AI preferences coming soon...
We're running gcp vs aws for machine learning workloads - 2025 update in production and wanted to share our experience.
Scale:
- 480 services deployed
- 89 TB data processed/month
- 25M requests/day
- 8 regions worldwide
Architecture:
- Compute: EC2 Auto Scaling
- Data: DocumentDB
- Queue: MSK (Kafka)
Monthly cost: ~$75k
Lessons learned:
1. Reserved instances save 40% on compute
2. S3 lifecycle policies are essential
3. Tagging strategy is critical
AMA about our setup!
Pro tip: if you're implementing this, make sure to configure resource quotas correctly. We spent 2 weeks debugging random failures only to discover the default timeout was too low. Changed from 30s to 2min and all issues disappeared.
Security team blocked this due to compliance requirements.
Consider the long-term maintenance burden before adopting.
Consider the long-term maintenance burden before adopting.

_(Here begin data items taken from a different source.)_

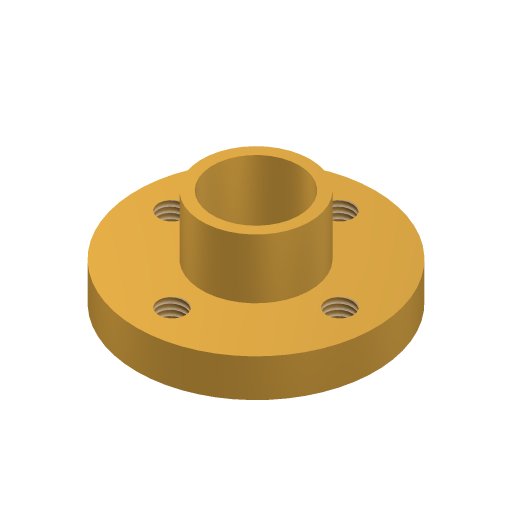
# Autodesk Inventor part: Z Axis Nut
Saved by Autodesk Inventor 2023.2 (Build 272271000, 271)
## iProperties
Created: 2020-05-09
Part Number: Z Axis Nut
Material: Brass, Soft Yellow
Document SubType Name: Modeling
Designer: Remo
Mass: 10.8922 g
Surface Area: 14.556 cm^2
Volume: 1.28597 cm^3
Density: 8.47 g/cm^3
Appearance: Brass - Satin
Author: Remo
Autodesk Inventor part; units mm, degrees
ref_plane "YZ Plane" through (0, 0, 0) normal (1, 0, 0) x (0, 1, 0)
ref_plane "XZ Plane" through (0, 0, 0) normal (0, 1, 0) x (-1, 0, 0)
ref_plane "XY Plane" through (0, 0, 0) normal (0, 0, 1) x (1, 0, 0)
sketch "Sketch1" plane through (0, 0, 0) normal (1, 0, 0) x (0, 1, 0)
  line L0 (4, -10.5) -> (4, 0)
  line L1 (0, 0) -> (0, -10.5)
  line L2 (4, -10.5) -> (5, -10.5)
  line L3 (5, -10.5) -> (5, -9)
  line L4 (5, -9) -> (11, -9)
  line L5 (11, -9) -> (11, -5.5)
  line L6 (11, -5.5) -> (5, -5.5)
  line L7 (5, -5.5) -> (5, 0)
  line L8 (5, 0) -> (4, 0)
  dimension "d0" = 10.5
  dimension "d1" = 4
  dimension "d2" = 5
  dimension "d3" = 5
  dimension "d4" = 3.5
  dimension "d10" = 11
  constraints: 18 end point, 5 perpendicular, 2 horizontal alignment, 2 point on line, 2 vertical, 1 horizontal
  measures "d0" distance of L1.start L1.end
  measures "d1" distance between parallel lines of L1 L0
  measures "d2" distance between parallel lines of L1 L3
  measures "d3" distance between parallel lines of L2 L6
  measures "d4" distance of L4.end L5.end
  measures "d10" distance between parallel lines of L1 L5
revolve "Revolution1" add sketch "Sketch1" angle 360 about axis through (0, 0, 0) along (0, 0, -1)
sketch "Sketch2" plane through (0, 0, -5.5) normal (0, 0, 1) x (1, 0, 0)
  point P0 (0, 0)
  point P1 (0, 7.75)
  point P2 (-7.75, 0)
  point P3 (0, -7.75)
  point P4 (7.75, 0)
  dimension "d6" = 15.5
  dimension "d7" = 7.75
  dimension "d8" = 15.5
  dimension "d9" = 7.75
  constraints: 1 horizontal alignment, 1 vertical alignment
  measures "d6" distance of point (0, -7.75) point (0, 7.75)
  measures "d7" distance of point (0, 7.75) point (0, 0)
  measures "d8" distance of point (-7.75, 0) point (7.75, 0)
  measures "d9" distance of point (-7.75, 0) point (0, 0)
hole "Hole1" at (0, 7.75, -5.5) at (-7.75, 0, -5.5) at (0, -7.75, -5.5) at (7.75, 0, -5.5) direction (0, 0, -1) diameter 2.459 end through all thread size "M3x0.5" class "6H" standard "ISO Metric profile"
equation "\"d7\" = 0.5 * d6"
equation "\"d9\" = 0.5 * d8"
body "Solid1"
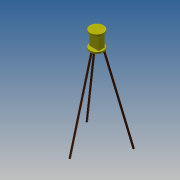
# Autodesk Inventor part: totalStation
Saved by Autodesk Inventor 2014 SP1 (Build 180222100, 222)
## iProperties
Created: 2014-08-28
Part Number: totalStation
Material: Generic
Document SubType Name: Modeling
Designer: Dave
Density: 1 g/cm^3
Appearance: Default
Author: Dave
Autodesk Inventor part; units mm, degrees
ref_plane "YZ Plane" through (0, 0, 0) normal (1, 0, 0) x (0, 1, 0)
ref_plane "XZ Plane" through (0, 0, 0) normal (0, 1, 0) x (-1, 0, 0)
sketch "Sketch1" plane through (0, 0, 0) normal (0, 1, 0) x (-1, 0, 0)
  circle A0 centre (0, 0) radius 101.6
  dimension "d0" = 203.2
  constraints: 1 centre point, 1 coincident
  measures "d0" diameter of A0
extrude "Extrusion1" add sketch "Sketch1" along normal blind 25.4
sketch "Sketch2" plane through (0, 0, 0) normal (0, -1, 0) x (1, 0, 0)
  circle A0 centre (0, 0) radius 101.6 projected
  point P0 (0, 101.6)
  constraints: 1 vertical alignment, 1 other
ref_plane "Work Plane1" through (0, 0, 101.6) normal (0, 0, 1) x (1, 0, 0)
sketch "Sketch3" plane through (0, 0, 101.6) normal (0, 0, 1) x (1, 0, 0)
  line L0 (0, 0) -> (50.8, 0) construction
  dimension "d3" = 50.8
  constraints: 2 end point, 1 horizontal
  measures "d3" distance of L0.start L0.end
ref_plane "Work Plane2" through (0, 0, 101.6) normal (0, -0.9659, 0.2588) x (1, 0, 0)
sketch "Sketch4" plane through (0, 0, 101.6) normal (0, -0.9659, 0.2588) x (1, 0, 0)
  line L0 (-19.0468, -4.4588) -> (19.0532, -4.4588)
  line L1 (19.0532, -4.4588) -> (19.0532, -42.5588)
  line L2 (19.0532, -42.5588) -> (-19.0468, -42.5588)
  line L3 (-19.0468, -42.5588) -> (-19.0468, -4.4588)
  point P0 (0, -98.1381)
  point P1 (0.0032, -0.0121)
  dimension "d5" = 38.1
  dimension "d6" = 38.1
  constraints: 8 end point, 2 parallel, 1 horizontal, 1 perpendicular
  measures "d5" distance of L1.end L2.end
  measures "d6" distance of L2.end L0.start
extrude "Extrusion2" add sketch "Sketch4" against normal blind 25.4
sketch "Sketch5" plane through (0, 0, 101.6) normal (0, -0.9659, 0.2588) x (1, 0, 0)
  circle A0 centre (0, -23.5088) radius 12.7
  point P0 (0, -98.1381)
  dimension "d9" = 25.4
  constraints: 1 centre point
  measures "d9" diameter of A0
extrude "Extrusion3" add sketch "Sketch5" along normal blind 1270
pattern_circular "Circular Pattern2" count 3 over 360 about axis through (0, 0, 0) along (0, 1, 0) of "Extrusion2", "Extrusion3"
sketch "Sketch6" plane through (0, 25.4, 0) normal (0, 1, 0) x (1, 0, 0)
  line L0 (-68.8618, -43.3163) -> (73.3045, -43.3163)
  line L1 (73.3045, -43.3163) -> (73.3045, 47.759)
  line L2 (73.3045, 47.759) -> (-68.8618, 47.759)
  line L3 (-68.8618, 47.759) -> (-68.8618, -43.3163)
  constraints: 8 end point, 2 parallel, 1 horizontal, 1 perpendicular
extrude "Extrusion4" add sketch "Sketch6" along normal blind 203.2
sketch "Sketch8" plane through (0, 228.6, 0) normal (0, 1, 0) x (1, 0, 0)
  circle A0 centre (0, 0) radius 101.6
  dimension "d23" = 203.2
  constraints: 1 centre point, 1 coincident
  measures "d23" diameter of A0
extrude "Extrusion6" add sketch "Sketch8" along normal blind 25.4
body "Solid1"

The migration path we took:
Week 1-2: Research & POC
Week 3-4: Staging deployment
Week 5-6: Prod rollout (10% -> 50% -> 100%)
Week 7-8: Optimization
Total cost: ~200 eng hours
Would do it again in a heartbeat.
Cautionary tale: we rushed this implementation without proper testing and it caused a 4-hour outage. The issue was memory leak in the worker. Lesson learned: always test in staging first, especially when dealing with load balancers.